__TASK BRIEF__. Out of the listing below, copy every line that carries the string "path".

__PROVIDED RECORDS__.
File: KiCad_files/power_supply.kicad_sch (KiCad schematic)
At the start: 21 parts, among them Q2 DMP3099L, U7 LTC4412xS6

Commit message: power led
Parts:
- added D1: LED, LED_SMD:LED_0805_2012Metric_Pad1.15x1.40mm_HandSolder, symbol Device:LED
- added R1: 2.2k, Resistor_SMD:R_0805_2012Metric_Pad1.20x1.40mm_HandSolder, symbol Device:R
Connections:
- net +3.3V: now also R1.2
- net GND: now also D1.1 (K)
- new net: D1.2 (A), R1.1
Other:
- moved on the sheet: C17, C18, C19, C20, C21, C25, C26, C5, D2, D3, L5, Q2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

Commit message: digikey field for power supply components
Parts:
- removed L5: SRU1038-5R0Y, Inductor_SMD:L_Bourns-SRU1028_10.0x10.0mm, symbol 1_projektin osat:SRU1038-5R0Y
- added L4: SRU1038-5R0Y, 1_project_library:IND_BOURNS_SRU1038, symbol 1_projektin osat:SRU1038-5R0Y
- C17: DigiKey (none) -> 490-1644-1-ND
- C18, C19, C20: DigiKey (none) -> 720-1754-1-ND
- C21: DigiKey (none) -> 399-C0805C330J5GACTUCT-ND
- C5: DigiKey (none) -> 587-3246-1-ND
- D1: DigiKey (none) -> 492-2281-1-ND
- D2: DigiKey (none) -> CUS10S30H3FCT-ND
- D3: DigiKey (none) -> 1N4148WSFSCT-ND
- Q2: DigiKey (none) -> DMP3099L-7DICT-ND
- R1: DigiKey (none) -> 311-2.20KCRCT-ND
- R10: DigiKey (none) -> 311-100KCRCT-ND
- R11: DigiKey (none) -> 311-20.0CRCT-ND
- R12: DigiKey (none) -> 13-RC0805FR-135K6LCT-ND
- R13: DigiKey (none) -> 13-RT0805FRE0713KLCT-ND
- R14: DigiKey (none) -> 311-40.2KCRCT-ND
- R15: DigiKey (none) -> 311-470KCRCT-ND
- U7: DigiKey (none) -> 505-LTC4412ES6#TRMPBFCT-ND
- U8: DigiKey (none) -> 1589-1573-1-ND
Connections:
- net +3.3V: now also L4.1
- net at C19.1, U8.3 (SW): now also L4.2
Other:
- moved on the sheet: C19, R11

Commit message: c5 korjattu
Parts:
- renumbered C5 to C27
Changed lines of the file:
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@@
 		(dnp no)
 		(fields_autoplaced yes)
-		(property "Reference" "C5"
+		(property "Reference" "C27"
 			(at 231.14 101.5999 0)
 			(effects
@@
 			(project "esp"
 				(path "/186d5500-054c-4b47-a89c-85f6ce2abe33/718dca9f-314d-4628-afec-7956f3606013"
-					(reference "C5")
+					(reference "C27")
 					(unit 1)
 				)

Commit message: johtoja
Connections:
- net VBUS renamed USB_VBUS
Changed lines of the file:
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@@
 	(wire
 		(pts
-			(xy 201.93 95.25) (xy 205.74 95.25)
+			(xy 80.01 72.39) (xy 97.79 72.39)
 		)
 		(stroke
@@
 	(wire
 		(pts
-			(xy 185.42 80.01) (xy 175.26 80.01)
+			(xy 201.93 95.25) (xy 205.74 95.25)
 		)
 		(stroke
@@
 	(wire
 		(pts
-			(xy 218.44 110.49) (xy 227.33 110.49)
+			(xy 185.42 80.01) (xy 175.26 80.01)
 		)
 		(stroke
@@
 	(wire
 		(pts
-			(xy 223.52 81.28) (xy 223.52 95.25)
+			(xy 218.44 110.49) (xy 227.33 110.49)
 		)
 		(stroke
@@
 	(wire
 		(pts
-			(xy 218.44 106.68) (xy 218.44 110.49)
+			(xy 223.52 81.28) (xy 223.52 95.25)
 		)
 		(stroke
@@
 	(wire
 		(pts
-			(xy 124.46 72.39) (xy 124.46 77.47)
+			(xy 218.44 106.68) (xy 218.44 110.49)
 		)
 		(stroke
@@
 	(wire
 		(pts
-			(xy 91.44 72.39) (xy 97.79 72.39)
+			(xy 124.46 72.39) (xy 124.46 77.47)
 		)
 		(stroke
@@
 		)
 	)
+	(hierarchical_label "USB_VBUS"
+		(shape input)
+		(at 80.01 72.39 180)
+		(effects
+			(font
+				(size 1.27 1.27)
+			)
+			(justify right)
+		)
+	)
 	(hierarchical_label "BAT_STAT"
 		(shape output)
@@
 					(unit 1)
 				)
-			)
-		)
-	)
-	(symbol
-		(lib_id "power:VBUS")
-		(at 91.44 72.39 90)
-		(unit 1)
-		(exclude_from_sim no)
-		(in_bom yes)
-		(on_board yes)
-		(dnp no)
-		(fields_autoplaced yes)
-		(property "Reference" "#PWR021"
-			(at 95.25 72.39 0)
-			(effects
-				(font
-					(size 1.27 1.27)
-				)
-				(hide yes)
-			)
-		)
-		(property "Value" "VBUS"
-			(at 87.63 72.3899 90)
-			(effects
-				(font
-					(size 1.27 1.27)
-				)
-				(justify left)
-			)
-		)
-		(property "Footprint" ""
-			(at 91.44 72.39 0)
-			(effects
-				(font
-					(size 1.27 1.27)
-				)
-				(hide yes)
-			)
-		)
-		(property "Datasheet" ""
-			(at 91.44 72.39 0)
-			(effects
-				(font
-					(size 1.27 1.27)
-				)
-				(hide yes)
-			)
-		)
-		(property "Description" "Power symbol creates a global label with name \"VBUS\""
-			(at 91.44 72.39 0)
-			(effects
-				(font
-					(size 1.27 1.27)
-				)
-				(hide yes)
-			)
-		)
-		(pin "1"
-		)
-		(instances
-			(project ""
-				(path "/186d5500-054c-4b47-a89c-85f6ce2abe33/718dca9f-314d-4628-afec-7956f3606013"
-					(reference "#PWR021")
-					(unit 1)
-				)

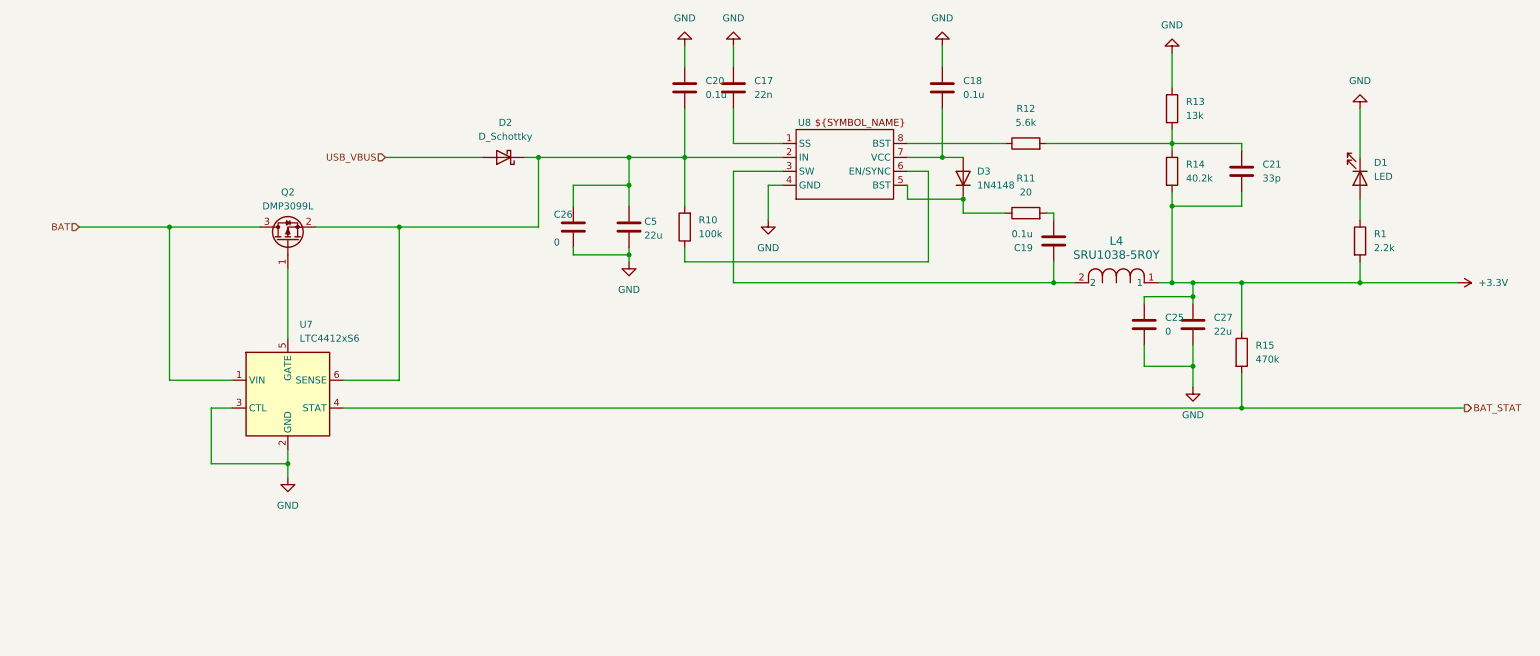
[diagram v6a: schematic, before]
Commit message: dpdt switch
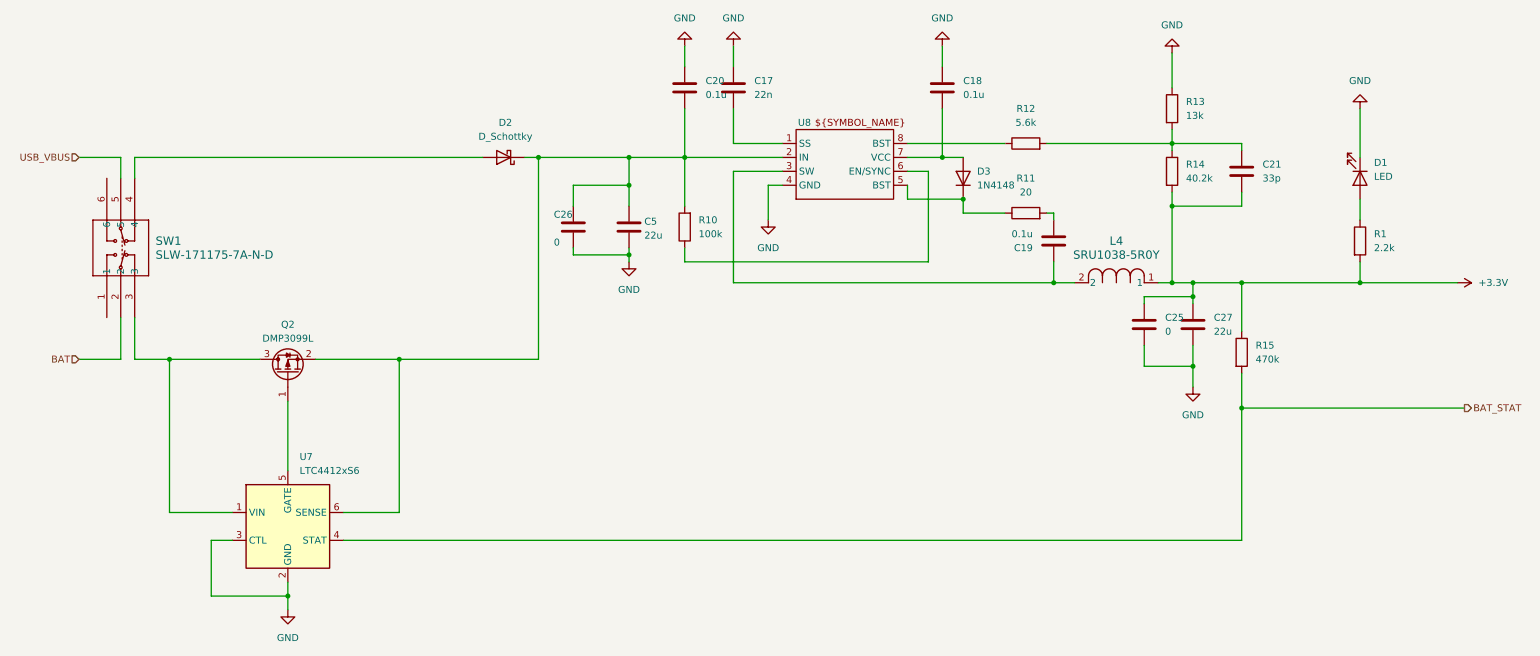
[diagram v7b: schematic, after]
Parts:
- added SW1: SLW-171175-7A-N-D, SLW-171175-7A-N-D_SSD, symbol 1_projektin osat:SLW-171175-7A-N-D
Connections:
- net BAT: now also SW1.2; no longer Q2.3 (D), U7.1 (VIN)
- net USB_VBUS: now also SW1.5; no longer D2.2 (A)
- new net: Q2.3 (D), SW1.3, U7.1 (VIN)
- new net: D2.2 (A), SW1.4
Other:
- moved on the sheet: Q2, U7

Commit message: ERC hiljennetty
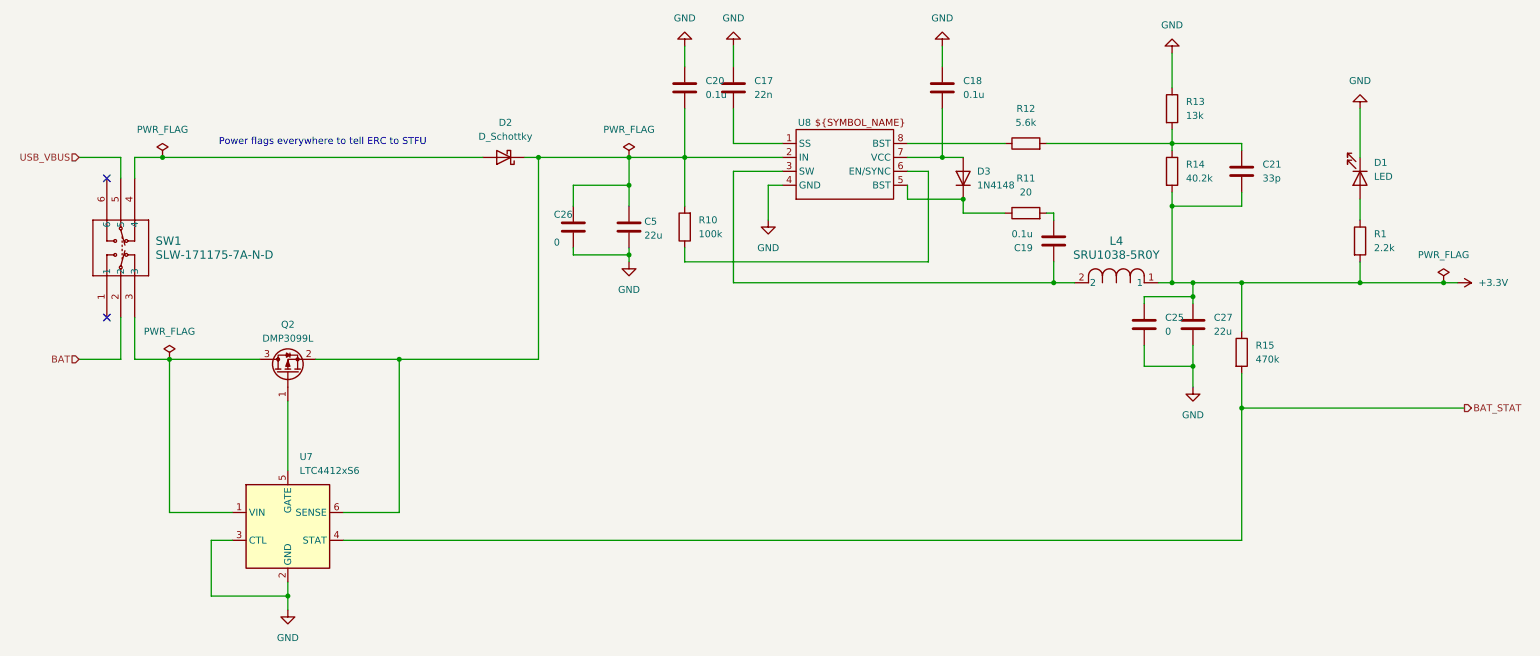
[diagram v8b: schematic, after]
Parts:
- SW1: footprint SLW-171175-7A-N-D_SSD -> 1_project_library:SLW-171175-7A-N-D_SSD; DigiKey 2223-SLW-171175-7A-N-D-ND -> 2223-SLW-171175-7A-N-D-ND
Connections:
- no-connect marks 0 -> 2
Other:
- note added: "Power flags everywhere to tell ERC to STFU"

__OUTPUT__.
 				(path "/186d5500-054c-4b47-a89c-85f6ce2abe33/718dca9f-314d-4628-afec-7956f3606013"
-				(path "/186d5500-054c-4b47-a89c-85f6ce2abe33/718dca9f-314d-4628-afec-7956f3606013"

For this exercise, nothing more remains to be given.